Figure-3: Output of blocking query
Activity Monitor
Right click on SQL Server from SSMS's Object Explorer and click on the Activity Monitor. Run Window-1 and Window-2 queries of Table-4 and from activity monitor's process section, you can observe the blocking info.

Figure-4: Activity Monitor output
Extended Events
You can use extended events to watch blocking information. Open a new session from extended event. Type block in the Event library and add the blocked process report. Save it with a meaningful name. Once done view the live data. For detail about extended event check my article.

Figure-5: Extended event configuration
Perfmon Counter
You can use Performance Monitor counters to capture blocking info. Monitor Average Wait time and lock wait time. For details about Performance Monitor counters configuration check my article.

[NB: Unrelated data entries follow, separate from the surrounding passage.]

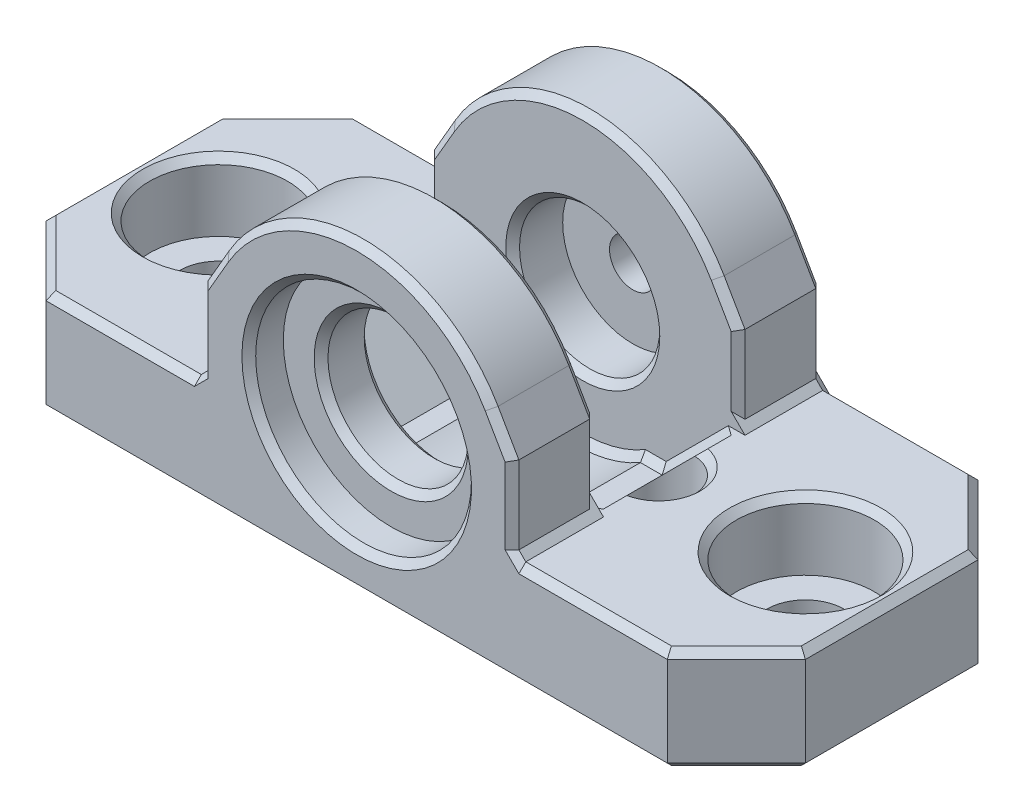
from build123d import *

# Parameters (mm, degrees)
SKETCH1_R                      = 4.0625
BOSS_EXTRUDE1_DEPTH            = 9
SKETCH1_2_R                    = 4.0625
CUT_EXTRUDE1_DEPTH             = 4.1
SKETCH2_W                      = 44
SKETCH2_H                      = 18
BOSS_EXTRUDE2_DEPTH            = 2
SKETCH3_W                      = 13
SKETCH3_H                      = 18
BOSS_EXTRUDE3_DEPTH            = 4
CBORE_FOR_M4_SHCS1_D           = 4.5
CBORE_FOR_M4_SHCS1_CBORE_D     = 8
CBORE_FOR_M4_SHCS1_CBORE_DEPTH = 4
BOSS_EXTRUDE6_REACH            = 38.635
CHAMFER2_SIZE                  = 4
F_6_0MM_DOWEL_HOLE1_D          = 4
CUT_EXTRUDE2_REACH             = 37.377
SKETCH13_R                     = 7.5
CUT_EXTRUDE2_DIRECTION_2_REACH = 37.377
SKETCH19_R                     = 6.25
CUT_EXTRUDE3_DEPTH             = 2
SKETCH20_R                     = 4.0625
SKETCH20_R_2                   = 1.35
BOSS_EXTRUDE5_DEPTH            = 2
CHAMFER8_SIZE                  = 0.4
CHAMFER11_SIZE                 = 0.4
CHAMFER12_SIZE                 = 0.4
CHAMFER14_SIZE                 = 0.4
CHAMFER15_SIZE                 = 0.4


with BuildPart() as part:
    # Sketch1 → Boss-Extrude1 (new, symmetric)
    with BuildSketch(Plane.XY):
        with BuildLine():
            Line((-16.294228634, 11), (-17.5, 8.911542732))
            Line((-17.5, 8.911542732), (-17.5, 0))
            Line((-17.5, 0), (0.5, 0))
            Line((0.5, 0), (0.5, 8.911542732))
            Line((0.5, 8.911542732), (-0.705771366, 11))
            ThreePointArc((-0.705771366, 11), (-8.5, 15.5), (-16.294228634, 11))
        make_face()
        with Locations((-8.5, 6.5)):
            Circle(SKETCH1_R, mode=Mode.SUBTRACT)
    extrude(amount=BOSS_EXTRUDE1_DEPTH, both=True)

    # Sketch1<2> → Cut-Extrude1 (cut, symmetric)
    with BuildSketch(Plane.XY):
        with BuildLine():
            Line((-16.294228634, 11), (-17.5, 8.911542732))
            Line((-17.5, 8.911542732), (-17.5, 0))
            Line((-17.5, 0), (0.5, 0))
            Line((0.5, 0), (0.5, 8.911542732))
            Line((0.5, 8.911542732), (-0.705771366, 11))
            ThreePointArc((-0.705771366, 11), (-8.5, 15.5), (-16.294228634, 11))
        make_face()
        with Locations((-8.5, 6.5)):
            Circle(SKETCH1_2_R, mode=Mode.SUBTRACT)
    extrude(amount=CUT_EXTRUDE1_DEPTH, both=True, mode=Mode.SUBTRACT)


with BuildPart() as cut_extrude1_piece_1:
    # of the separate pieces the step leaves, piece 1, a body of its own (cut_extrude1_pieces)
    add(part.part.solids().sort_by_distance((-0.705771366, 11, -4.1))[0])



with BuildPart() as cut_extrude1_piece_2:
    # of the separate pieces the step leaves, piece 2, a body of its own (cut_extrude1_pieces)
    add(part.part.solids().sort_by_distance((-0.705771366, 11, 9))[0])


with BuildPart() as cut_extrude1_piece_1_1:
    add(cut_extrude1_piece_1.part)

    add(cut_extrude1_piece_2.part)  # Boss-Extrude2 merges Cut-Extrude1 piece 2
    # Sketch2 → Boss-Extrude2 (add)
    with BuildSketch(Plane.XZ):
        with Locations((-8.5, 0)):
            Rectangle(SKETCH2_W, SKETCH2_H)
    extrude(amount=BOSS_EXTRUDE2_DEPTH)

    # Sketch3 → Boss-Extrude3 (add)
    with BuildSketch(Plane(origin=(0, 0, 0), x_dir=(1, 0, 0), z_dir=(0, 1, 0))):
        with Locations((-24, 0)):
            Rectangle(SKETCH3_W, SKETCH3_H)
    boss_extrude3 = extrude(amount=BOSS_EXTRUDE3_DEPTH)

    # Mirror1: Boss-Extrude3 across plane
    add(boss_extrude3.mirror(Plane(origin=(-8.5, 0, 0), x_dir=(0, 0, 1), z_dir=(1, 0, 0))))

    # CBORE for M4 SHCS1 (through all)
    with Locations(Plane(origin=(0, 4, 0), x_dir=(1, 0, 0), z_dir=(0, 1, 0))):
        with Locations((-25.5, 0), (8.5, 0)):
            CounterBoreHole(CBORE_FOR_M4_SHCS1_D / 2, CBORE_FOR_M4_SHCS1_CBORE_D / 2, CBORE_FOR_M4_SHCS1_CBORE_DEPTH)

    # Sketch21 → Boss-Extrude6 (add, up to next)
    with BuildSketch(Plane.XY.offset(-4.1), mode=Mode.PRIVATE) as boss_extrude6_sk1:
        Polygon((-17.5, 4), (-13.5, 0), (-17.5, 0), align=None)
    boss_extrude6_tool1 = extrude(boss_extrude6_sk1.sketch, amount=BOSS_EXTRUDE6_REACH, mode=Mode.PRIVATE) - cut_extrude1_piece_1_1.part
    # Sketch21 → Boss-Extrude6 (add, up to next)
    with BuildSketch(Plane.XY.offset(-4.1), mode=Mode.PRIVATE) as boss_extrude6_sk2:
        Polygon((0.5, 4), (0.5, 0), (-3.5, 0), align=None)
    boss_extrude6_tool2 = extrude(boss_extrude6_sk2.sketch, amount=BOSS_EXTRUDE6_REACH, mode=Mode.PRIVATE) - cut_extrude1_piece_1_1.part
    add(boss_extrude6_tool1.solids().sort_by_distance((-16.166667, 1.333333, -4.1))[0])
    add(boss_extrude6_tool2.solids().sort_by_distance((-0.833333, 1.333333, -4.1))[0])

    # Chamfer2
    chamfer2_edges = [cut_extrude1_piece_1_1.edges().sort_by_distance(p)[0] for p in [
        (-30.5, 1, -9),
        (-30.5, 1, 9),
        (13.5, 1, -9),
        (13.5, 1, 9),
    ]]
    chamfer(chamfer2_edges, length=CHAMFER2_SIZE)

    # Ø6.0mm Dowel Hole1 (through all)
    with Locations(Plane(origin=(0, 4, 0), x_dir=(1, 0, 0), z_dir=(0, 1, 0))):
        with Locations((0, 0)):
            Hole(F_6_0MM_DOWEL_HOLE1_D / 2)

    # Cut-Extrude2: up to this face of the body (flat: up to its plane)
    cut_extrude2_end = Plane(cut_extrude1_piece_1_1.part.faces().sort_by_distance((-0.308600899, 9.837001631, -4.1))[0])
    # Sketch13 → Cut-Extrude2 (cut, up to the picked face)
    with BuildSketch(Plane.XY, mode=Mode.PRIVATE) as cut_extrude2_sk1:
        with Locations((-8.5, 6.5)):
            Circle(SKETCH13_R)
    cut_extrude2_tool1 = split(extrude(cut_extrude2_sk1.sketch, amount=-CUT_EXTRUDE2_REACH, mode=Mode.PRIVATE), bisect_by=cut_extrude2_end, keep=Keep.BOTH, mode=Mode.PRIVATE)
    add(cut_extrude2_tool1.solids().sort_by(Axis((-8.5, 6.5, 0), (0, 0, -1)))[0], mode=Mode.SUBTRACT)

    # Cut-Extrude2 direction 2: up to this face of the body (flat: up to its plane)
    cut_extrude2_direction_2_end = Plane(cut_extrude1_piece_1_1.part.faces().sort_by_distance((-0.308600899, 9.837001631, 4.1))[0])
    # Sketch13 → Cut-Extrude2 direction 2 (cut, up to the picked face)
    with BuildSketch(Plane.XY, mode=Mode.PRIVATE) as cut_extrude2_direction_2_sk1:
        with Locations((-8.5, 6.5)):
            Circle(SKETCH13_R)
    cut_extrude2_direction_2_tool1 = split(extrude(cut_extrude2_direction_2_sk1.sketch, amount=CUT_EXTRUDE2_DIRECTION_2_REACH, mode=Mode.PRIVATE), bisect_by=cut_extrude2_direction_2_end, keep=Keep.BOTH, mode=Mode.PRIVATE)
    add(cut_extrude2_direction_2_tool1.solids().sort_by(Axis((-8.5, 6.5, 0), (0, 0, 1)))[0], mode=Mode.SUBTRACT)

    # Sketch19 → Cut-Extrude3 (cut)
    with BuildSketch(Plane.XY.offset(9)):
        with Locations((-8.5, 6.5)):
            Circle(SKETCH19_R)
    extrude(amount=-CUT_EXTRUDE3_DEPTH, mode=Mode.SUBTRACT)

    # Sketch20 → Boss-Extrude5 (add)
    with BuildSketch(Plane(origin=(0, 0, -9), x_dir=(-1, 0, 0), z_dir=(0, 0, -1))):
        with Locations((8.5, 6.5)):
            Circle(SKETCH20_R)
        with Locations((8.5, 6.5)):
            Circle(SKETCH20_R_2, mode=Mode.SUBTRACT)
    extrude(amount=-BOSS_EXTRUDE5_DEPTH)

    # Chamfer8
    chamfer8_edges = [cut_extrude1_piece_1_1.edges().sort_by_distance(p)[0] for p in [
        (4.5, 4, 0),
        (2, 4, 0),
        (-22, 4, -9),
        (-28.5, 4, -7),
        (-30.5, 4, 0),
        (-28.5, 4, 7),
        (-22, 4, 9),
        (-17.5, 4, -6.55),
        (-17.5, 4, 6.55),
        (-17.5, 6.455771366, 9),
        (-16.897114317, 9.955771366, 9),
        (-8.5, 15.5, 9),
        (-0.102885683, 9.955771366, 9),
        (0.5, 6.455771366, 9),
        (-17.5, 6.455771366, -9),
        (-16.897114317, 9.955771366, -9),
        (-8.5, 15.5, -9),
        (-0.102885683, 9.955771366, -9),
        (0.5, 6.455771366, -9),
        (0.5, 4, -6.55),
        (5, 4, -9),
        (11.5, 4, -7),
        (13.5, 4, 0),
        (11.5, 4, 7),
        (0.5, 4, 6.55),
        (5, 4, 9),
        (-29.5, 4, 0),
    ]]
    chamfer(chamfer8_edges, length=CHAMFER8_SIZE)

    # Chamfer11
    chamfer11_edges = [cut_extrude1_piece_1_1.edges().sort_by_distance(p)[0] for p in [
        (-12.5625, 6.5, 7),
        (-12.5625, 6.5, 4.1),
        (-14.75, 6.5, 9),
        (-12.5625, 6.5, -4.1),
    ]]
    chamfer(chamfer11_edges, length=CHAMFER11_SIZE)

    # Chamfer12
    chamfer12_edges = [cut_extrude1_piece_1_1.edges().sort_by_distance(p)[0] for p in [
        (-28.5, -2, -7),
        (-30.5, -2, 0),
        (-28.5, -2, 7),
        (-8.5, -2, 9),
        (11.5, -2, 7),
        (13.5, -2, 0),
        (11.5, -2, -7),
        (-8.5, -2, -9),
        (10.75, -2, 0),
        (-23.25, -2, 0),
        (2, -2, 0),
    ]]
    chamfer(chamfer12_edges, length=CHAMFER12_SIZE)

    # Chamfer14
    chamfer14_edges = [cut_extrude1_piece_1_1.edges().sort_by_distance(p)[0] for p in [
        (0.5, 6.655771366, 4.1),
        (-0.102885683, 9.955771366, 4.1),
        (-8.5, 15.5, 4.1),
        (-16.897114317, 9.955771366, 4.1),
        (-17.5, 6.655771366, 4.1),
        (0.5, 6.655771366, -4.1),
        (-17.5, 6.655771366, -4.1),
        (-0.102885683, 9.955771366, -4.1),
        (-8.5, 15.5, -4.1),
        (-16.897114317, 9.955771366, -4.1),
    ]]
    chamfer(chamfer14_edges, length=CHAMFER14_SIZE)

    # Chamfer15
    chamfer15_edges = [cut_extrude1_piece_1_1.edges().sort_by_distance(p)[0] for p in [
        (-1.5, 2, -4.1),
        (-4.129171307, 0, -4.1),
        (-8.5, -1, -4.1),
        (-12.870828693, 0, -4.1),
        (-15.5, 2, -4.1),
        (-1.5, 2, 4.1),
        (-4.129171307, 0, 4.1),
        (-8.5, -1, 4.1),
        (-12.870828693, 0, 4.1),
        (-15.5, 2, 4.1),
    ]]
    chamfer(chamfer15_edges, length=CHAMFER15_SIZE)


solid = cut_extrude1_piece_1_1.part

Figure-6: Perfmon counters
Reducing Blocking
There are couple of ways to reduce blocking:
- Optimize the blocking and blocked queries.
- Keep transactions short.
- Reduce the number of steps/logic within a transaction.
- Avoid any external operation within a transaction. Like sending mail or waiting for end user input.
- Create a covering index to for the blocked SELECT statements.
- Do not create clustered index on frequently updated columns. Updates to clustered index key columns require locks on the clustered index and all nonclustered indexes (since their row locator contains the clustered index key).
- Use the lowest isolation level. Consider using row versioning, one of the SNAPSHOT isolation levels, to help reduce contention.
- Encompass SQL Statements within TRY/CATCH blocks. Use IF @@TRANCOUNT > 0 ROLLBACK after executing SQL Statements.
- Partition the contended data.
Final Words
Understanding SQL Server locks and blocks is essential for any DBA aiming to maintain high database performance and data integrity. Locks safeguard consistency in multi-user environments, but they can also introduce blocking when resources are contested. By knowing the different lock types, modes, isolation levels, and how compatibility works, DBAs can better diagnose performance issues and design strategies that balance concurrency with stability. Mastering these fundamentals sets the stage for tackling more complex scenarios like deadlocks, which we will explore in Part 2.